_EXERCISE GOAL_
Report only how many lines below include "message".

_INPUT RECORDS_
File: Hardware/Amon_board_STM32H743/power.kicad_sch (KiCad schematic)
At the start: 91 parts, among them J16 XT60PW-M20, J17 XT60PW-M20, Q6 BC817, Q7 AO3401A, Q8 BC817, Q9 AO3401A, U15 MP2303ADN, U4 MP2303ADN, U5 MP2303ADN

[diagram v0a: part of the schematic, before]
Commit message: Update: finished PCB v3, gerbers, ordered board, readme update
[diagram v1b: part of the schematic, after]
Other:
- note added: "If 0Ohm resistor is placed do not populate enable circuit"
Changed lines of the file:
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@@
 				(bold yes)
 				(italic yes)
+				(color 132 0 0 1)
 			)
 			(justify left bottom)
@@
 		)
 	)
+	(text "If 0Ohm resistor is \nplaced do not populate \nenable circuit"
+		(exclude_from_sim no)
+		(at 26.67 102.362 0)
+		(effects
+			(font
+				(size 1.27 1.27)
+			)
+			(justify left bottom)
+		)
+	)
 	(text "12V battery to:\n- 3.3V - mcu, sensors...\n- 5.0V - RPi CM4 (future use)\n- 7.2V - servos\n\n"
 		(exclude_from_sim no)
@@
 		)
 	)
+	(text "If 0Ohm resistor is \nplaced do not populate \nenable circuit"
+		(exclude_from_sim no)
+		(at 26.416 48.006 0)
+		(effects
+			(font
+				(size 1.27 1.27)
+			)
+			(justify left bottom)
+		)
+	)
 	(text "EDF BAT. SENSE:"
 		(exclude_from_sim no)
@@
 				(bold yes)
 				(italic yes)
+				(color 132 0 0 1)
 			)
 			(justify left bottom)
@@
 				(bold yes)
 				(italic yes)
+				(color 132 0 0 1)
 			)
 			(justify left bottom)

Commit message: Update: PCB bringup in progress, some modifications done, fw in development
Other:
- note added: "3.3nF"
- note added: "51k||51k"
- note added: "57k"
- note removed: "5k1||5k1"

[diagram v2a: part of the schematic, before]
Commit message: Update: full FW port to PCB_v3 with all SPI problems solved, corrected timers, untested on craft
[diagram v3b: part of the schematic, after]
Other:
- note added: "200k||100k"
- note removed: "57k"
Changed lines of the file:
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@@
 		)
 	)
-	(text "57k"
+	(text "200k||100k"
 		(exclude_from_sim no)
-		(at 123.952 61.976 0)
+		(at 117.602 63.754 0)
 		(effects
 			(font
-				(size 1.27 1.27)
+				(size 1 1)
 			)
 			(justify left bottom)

_ANSWER AREA_
3